§ WHAT TO PRODUCE: Print, in exact form, the lines below from the one containing "line L34 (114.0188, -96.2328)" through the one containing "line L47 (138.2617, -49.6626)", and omit all others.

Collection entries:

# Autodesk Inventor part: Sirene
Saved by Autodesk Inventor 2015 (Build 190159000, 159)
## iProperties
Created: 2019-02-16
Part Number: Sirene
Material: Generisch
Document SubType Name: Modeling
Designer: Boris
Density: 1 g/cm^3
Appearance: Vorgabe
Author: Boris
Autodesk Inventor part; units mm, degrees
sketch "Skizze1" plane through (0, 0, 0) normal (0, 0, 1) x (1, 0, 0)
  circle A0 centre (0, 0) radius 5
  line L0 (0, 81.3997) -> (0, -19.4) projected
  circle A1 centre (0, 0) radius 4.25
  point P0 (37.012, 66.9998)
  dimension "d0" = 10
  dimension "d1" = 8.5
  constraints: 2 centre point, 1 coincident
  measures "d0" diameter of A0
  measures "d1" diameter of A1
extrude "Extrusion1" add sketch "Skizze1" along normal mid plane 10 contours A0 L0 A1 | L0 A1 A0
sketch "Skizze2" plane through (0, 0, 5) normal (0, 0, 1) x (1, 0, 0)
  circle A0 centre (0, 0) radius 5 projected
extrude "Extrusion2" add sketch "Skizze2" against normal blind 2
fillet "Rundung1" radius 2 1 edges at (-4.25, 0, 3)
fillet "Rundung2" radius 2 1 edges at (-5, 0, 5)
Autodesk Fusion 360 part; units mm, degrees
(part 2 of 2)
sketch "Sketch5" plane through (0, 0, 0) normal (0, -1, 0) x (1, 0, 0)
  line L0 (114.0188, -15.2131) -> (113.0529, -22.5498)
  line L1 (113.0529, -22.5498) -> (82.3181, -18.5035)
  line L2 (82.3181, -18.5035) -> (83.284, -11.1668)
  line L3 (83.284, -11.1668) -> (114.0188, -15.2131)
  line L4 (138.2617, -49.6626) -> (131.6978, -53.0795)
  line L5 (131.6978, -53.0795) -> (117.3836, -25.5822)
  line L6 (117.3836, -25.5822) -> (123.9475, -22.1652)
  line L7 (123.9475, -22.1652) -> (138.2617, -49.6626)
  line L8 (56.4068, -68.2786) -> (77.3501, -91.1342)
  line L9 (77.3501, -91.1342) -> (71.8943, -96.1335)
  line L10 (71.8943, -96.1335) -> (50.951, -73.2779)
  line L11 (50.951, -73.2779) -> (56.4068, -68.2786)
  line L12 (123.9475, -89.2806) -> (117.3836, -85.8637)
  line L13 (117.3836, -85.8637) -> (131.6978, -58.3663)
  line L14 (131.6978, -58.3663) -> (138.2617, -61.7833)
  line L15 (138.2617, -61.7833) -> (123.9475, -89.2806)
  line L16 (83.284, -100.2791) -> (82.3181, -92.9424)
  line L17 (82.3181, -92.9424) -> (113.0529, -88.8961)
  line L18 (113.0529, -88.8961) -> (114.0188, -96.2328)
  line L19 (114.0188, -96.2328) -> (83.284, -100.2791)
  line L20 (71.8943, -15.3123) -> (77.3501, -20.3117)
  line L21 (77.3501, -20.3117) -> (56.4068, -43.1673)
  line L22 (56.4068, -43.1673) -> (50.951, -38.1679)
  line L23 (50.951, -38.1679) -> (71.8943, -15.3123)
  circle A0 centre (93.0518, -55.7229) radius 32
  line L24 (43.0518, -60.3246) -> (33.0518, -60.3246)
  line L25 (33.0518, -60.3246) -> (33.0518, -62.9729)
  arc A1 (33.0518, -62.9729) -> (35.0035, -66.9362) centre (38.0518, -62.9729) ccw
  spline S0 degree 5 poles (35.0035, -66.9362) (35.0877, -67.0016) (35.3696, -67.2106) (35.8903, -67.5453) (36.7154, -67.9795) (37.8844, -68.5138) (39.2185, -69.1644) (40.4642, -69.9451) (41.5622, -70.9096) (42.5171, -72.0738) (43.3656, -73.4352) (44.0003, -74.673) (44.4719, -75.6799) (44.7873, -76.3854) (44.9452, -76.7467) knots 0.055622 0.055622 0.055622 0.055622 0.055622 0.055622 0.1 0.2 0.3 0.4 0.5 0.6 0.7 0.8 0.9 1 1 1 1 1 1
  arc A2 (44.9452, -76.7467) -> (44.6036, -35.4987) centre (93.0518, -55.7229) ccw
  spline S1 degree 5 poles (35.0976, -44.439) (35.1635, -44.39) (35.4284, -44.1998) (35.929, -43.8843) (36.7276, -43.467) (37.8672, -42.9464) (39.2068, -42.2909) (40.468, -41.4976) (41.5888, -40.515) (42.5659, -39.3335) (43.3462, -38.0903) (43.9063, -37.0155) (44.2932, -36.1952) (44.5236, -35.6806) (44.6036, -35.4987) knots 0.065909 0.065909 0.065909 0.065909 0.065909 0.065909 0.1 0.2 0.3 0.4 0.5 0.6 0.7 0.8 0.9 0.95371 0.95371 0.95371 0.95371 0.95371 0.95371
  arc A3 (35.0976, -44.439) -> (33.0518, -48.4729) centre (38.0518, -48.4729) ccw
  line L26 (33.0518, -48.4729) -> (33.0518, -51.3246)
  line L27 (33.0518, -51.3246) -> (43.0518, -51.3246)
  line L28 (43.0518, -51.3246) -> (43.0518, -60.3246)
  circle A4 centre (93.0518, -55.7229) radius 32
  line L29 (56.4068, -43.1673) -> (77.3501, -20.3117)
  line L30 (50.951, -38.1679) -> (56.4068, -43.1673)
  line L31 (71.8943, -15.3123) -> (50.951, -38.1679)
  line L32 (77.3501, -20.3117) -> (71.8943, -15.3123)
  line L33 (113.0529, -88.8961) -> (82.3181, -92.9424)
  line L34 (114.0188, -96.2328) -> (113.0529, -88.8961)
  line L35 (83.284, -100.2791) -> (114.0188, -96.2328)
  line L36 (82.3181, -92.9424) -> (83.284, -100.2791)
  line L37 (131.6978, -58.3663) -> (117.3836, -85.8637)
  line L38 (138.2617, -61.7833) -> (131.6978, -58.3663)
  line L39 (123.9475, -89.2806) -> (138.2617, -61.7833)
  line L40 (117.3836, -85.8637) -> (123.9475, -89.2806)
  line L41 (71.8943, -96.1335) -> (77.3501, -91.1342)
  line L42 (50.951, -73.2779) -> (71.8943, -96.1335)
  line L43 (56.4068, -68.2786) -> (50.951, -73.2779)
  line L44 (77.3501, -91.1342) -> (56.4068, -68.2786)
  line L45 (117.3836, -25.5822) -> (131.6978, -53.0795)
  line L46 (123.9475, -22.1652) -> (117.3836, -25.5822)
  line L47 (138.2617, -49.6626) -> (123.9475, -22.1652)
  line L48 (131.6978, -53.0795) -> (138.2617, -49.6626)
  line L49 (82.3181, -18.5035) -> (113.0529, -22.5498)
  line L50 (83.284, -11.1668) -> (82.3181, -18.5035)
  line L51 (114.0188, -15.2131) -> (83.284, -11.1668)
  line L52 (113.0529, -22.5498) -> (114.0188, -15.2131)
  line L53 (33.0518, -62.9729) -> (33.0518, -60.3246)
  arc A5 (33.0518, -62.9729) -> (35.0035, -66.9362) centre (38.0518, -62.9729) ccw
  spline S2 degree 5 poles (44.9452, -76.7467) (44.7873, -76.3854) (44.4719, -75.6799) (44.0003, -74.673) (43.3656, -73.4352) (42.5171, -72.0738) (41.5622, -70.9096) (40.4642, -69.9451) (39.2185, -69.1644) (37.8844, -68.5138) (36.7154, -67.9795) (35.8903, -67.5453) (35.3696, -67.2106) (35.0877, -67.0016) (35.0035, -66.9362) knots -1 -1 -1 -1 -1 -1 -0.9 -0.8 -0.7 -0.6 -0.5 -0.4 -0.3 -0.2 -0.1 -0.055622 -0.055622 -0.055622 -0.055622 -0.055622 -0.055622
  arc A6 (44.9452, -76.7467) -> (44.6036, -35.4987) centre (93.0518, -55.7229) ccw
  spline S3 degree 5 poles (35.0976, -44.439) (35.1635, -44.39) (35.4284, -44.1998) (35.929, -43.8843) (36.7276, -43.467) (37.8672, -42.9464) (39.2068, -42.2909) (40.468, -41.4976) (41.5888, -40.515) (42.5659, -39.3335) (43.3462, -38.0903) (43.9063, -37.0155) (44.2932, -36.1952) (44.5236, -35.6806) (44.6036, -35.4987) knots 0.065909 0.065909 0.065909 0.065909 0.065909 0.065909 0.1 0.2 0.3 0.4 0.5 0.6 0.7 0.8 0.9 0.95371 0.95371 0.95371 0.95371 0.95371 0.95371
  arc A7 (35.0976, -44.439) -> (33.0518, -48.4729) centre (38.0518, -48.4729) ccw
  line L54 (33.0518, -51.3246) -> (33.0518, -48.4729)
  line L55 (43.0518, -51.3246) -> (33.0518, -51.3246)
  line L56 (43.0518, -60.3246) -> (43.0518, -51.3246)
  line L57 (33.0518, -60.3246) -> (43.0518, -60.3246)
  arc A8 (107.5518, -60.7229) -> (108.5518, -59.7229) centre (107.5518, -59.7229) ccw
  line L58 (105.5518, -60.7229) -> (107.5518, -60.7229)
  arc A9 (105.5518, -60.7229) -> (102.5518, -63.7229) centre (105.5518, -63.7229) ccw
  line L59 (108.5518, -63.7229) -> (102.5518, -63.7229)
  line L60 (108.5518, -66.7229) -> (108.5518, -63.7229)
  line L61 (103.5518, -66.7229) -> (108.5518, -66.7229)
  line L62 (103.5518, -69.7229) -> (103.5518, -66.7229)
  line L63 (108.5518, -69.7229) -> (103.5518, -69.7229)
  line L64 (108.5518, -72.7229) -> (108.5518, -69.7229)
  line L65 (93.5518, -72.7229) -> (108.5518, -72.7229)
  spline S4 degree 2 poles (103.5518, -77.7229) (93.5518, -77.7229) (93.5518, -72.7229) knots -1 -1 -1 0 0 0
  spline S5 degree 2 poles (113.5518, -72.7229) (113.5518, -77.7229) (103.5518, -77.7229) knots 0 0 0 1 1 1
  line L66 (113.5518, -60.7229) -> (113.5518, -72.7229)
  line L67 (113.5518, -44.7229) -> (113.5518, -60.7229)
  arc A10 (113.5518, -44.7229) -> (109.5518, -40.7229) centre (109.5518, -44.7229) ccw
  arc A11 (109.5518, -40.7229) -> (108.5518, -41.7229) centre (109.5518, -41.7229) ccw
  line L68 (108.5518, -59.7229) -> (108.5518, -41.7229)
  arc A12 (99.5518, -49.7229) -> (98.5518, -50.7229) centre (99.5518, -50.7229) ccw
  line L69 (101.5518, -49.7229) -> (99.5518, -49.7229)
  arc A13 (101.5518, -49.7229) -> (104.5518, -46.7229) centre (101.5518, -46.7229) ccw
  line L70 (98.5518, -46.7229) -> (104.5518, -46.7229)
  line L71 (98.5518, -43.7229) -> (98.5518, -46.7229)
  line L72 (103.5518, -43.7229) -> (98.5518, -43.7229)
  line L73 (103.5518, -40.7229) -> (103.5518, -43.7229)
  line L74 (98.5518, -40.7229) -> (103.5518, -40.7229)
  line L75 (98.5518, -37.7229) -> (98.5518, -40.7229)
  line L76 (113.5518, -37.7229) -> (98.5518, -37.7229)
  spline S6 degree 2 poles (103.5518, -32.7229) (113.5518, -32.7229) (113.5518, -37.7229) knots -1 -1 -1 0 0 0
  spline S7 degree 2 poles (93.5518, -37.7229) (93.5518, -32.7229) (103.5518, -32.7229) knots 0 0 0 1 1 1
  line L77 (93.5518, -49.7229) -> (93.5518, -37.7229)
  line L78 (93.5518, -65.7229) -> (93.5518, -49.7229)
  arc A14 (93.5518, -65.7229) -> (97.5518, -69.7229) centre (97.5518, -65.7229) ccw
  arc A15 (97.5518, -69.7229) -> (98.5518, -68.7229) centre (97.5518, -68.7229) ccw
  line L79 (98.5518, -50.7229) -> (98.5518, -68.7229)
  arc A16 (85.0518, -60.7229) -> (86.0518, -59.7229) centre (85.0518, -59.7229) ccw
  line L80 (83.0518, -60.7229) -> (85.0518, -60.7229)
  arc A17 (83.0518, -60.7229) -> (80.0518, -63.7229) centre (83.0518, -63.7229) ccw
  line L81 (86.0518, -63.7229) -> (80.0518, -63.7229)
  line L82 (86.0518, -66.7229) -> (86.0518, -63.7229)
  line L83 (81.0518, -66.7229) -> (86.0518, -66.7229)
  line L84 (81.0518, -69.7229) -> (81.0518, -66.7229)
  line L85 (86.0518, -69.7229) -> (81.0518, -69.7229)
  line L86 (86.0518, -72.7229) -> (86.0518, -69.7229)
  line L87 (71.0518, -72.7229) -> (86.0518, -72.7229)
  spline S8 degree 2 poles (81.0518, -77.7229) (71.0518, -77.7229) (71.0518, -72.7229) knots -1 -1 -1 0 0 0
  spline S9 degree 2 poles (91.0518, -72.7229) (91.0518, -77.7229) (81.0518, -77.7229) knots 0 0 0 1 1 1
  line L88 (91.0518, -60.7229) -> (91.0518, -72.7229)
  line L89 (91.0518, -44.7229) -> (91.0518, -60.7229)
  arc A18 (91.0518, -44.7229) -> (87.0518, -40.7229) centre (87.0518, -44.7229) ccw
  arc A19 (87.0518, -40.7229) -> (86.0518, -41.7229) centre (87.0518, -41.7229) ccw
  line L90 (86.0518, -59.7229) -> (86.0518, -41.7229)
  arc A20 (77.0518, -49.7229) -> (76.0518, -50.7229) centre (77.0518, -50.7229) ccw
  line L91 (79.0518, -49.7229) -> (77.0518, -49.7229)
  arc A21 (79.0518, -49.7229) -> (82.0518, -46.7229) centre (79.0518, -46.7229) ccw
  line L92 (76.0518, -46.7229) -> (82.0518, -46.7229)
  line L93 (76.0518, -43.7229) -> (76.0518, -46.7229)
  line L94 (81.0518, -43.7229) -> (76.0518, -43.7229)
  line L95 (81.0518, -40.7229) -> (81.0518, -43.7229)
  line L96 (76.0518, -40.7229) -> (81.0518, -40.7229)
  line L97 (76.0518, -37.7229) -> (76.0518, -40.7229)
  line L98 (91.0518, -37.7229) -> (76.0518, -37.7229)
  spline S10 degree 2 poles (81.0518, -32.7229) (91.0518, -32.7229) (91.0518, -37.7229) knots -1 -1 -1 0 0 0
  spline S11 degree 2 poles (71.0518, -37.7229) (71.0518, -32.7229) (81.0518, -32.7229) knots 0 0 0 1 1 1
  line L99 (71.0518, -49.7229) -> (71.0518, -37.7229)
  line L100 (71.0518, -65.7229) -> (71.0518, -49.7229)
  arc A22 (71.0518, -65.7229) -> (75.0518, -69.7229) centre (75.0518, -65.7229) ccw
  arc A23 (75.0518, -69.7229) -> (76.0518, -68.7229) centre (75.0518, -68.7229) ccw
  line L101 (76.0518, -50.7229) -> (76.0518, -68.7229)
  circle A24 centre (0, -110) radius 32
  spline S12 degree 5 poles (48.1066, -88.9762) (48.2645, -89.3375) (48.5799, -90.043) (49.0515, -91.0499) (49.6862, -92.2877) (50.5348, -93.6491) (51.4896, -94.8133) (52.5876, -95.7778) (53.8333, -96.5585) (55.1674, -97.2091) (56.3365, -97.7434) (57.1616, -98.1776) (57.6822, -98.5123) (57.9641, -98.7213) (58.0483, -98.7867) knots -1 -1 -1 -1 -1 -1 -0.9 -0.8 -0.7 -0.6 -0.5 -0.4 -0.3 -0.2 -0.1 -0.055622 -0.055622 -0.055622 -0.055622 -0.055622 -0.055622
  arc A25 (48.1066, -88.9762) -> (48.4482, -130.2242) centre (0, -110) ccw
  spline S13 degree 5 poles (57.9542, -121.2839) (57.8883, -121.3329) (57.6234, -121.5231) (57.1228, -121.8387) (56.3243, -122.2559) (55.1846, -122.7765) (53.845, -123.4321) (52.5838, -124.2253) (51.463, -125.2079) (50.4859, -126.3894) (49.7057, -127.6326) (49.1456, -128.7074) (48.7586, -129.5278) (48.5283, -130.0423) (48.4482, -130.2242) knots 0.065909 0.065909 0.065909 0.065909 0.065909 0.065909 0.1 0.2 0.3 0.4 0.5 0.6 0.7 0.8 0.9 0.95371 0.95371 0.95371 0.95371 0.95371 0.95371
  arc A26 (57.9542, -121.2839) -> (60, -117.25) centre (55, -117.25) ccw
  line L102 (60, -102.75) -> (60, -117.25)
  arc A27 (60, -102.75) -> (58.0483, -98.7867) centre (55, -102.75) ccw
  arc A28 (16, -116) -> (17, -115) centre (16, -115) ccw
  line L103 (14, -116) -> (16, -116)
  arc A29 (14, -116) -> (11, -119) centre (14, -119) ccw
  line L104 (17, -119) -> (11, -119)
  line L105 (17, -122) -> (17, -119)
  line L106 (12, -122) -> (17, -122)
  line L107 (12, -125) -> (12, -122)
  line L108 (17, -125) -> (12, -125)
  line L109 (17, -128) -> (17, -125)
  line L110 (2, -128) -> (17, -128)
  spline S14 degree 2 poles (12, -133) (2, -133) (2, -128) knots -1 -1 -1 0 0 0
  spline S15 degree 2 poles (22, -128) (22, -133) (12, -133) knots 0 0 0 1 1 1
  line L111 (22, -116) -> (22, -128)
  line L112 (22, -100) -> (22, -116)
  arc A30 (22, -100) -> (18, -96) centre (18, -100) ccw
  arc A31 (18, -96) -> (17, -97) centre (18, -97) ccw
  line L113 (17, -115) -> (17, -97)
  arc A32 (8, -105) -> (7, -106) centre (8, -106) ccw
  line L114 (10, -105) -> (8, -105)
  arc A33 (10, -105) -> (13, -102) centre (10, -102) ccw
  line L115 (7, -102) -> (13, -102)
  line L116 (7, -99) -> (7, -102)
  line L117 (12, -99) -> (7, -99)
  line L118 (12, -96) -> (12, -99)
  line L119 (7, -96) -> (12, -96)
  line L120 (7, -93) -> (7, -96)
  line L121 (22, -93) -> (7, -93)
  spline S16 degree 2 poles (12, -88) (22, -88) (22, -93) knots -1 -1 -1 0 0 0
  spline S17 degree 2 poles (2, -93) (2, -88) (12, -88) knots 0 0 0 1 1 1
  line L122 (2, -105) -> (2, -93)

§ SOLUTION FOR THIS TASK:
  line L34 (114.0188, -96.2328) -> (113.0529, -88.8961)
  line L35 (83.284, -100.2791) -> (114.0188, -96.2328)
  line L36 (82.3181, -92.9424) -> (83.284, -100.2791)
  line L37 (131.6978, -58.3663) -> (117.3836, -85.8637)
  line L38 (138.2617, -61.7833) -> (131.6978, -58.3663)
  line L39 (123.9475, -89.2806) -> (138.2617, -61.7833)
  line L40 (117.3836, -85.8637) -> (123.9475, -89.2806)
  line L41 (71.8943, -96.1335) -> (77.3501, -91.1342)
  line L42 (50.951, -73.2779) -> (71.8943, -96.1335)
  line L43 (56.4068, -68.2786) -> (50.951, -73.2779)
  line L44 (77.3501, -91.1342) -> (56.4068, -68.2786)
  line L45 (117.3836, -25.5822) -> (131.6978, -53.0795)
  line L46 (123.9475, -22.1652) -> (117.3836, -25.5822)
  line L47 (138.2617, -49.6626) -> (123.9475, -22.1652)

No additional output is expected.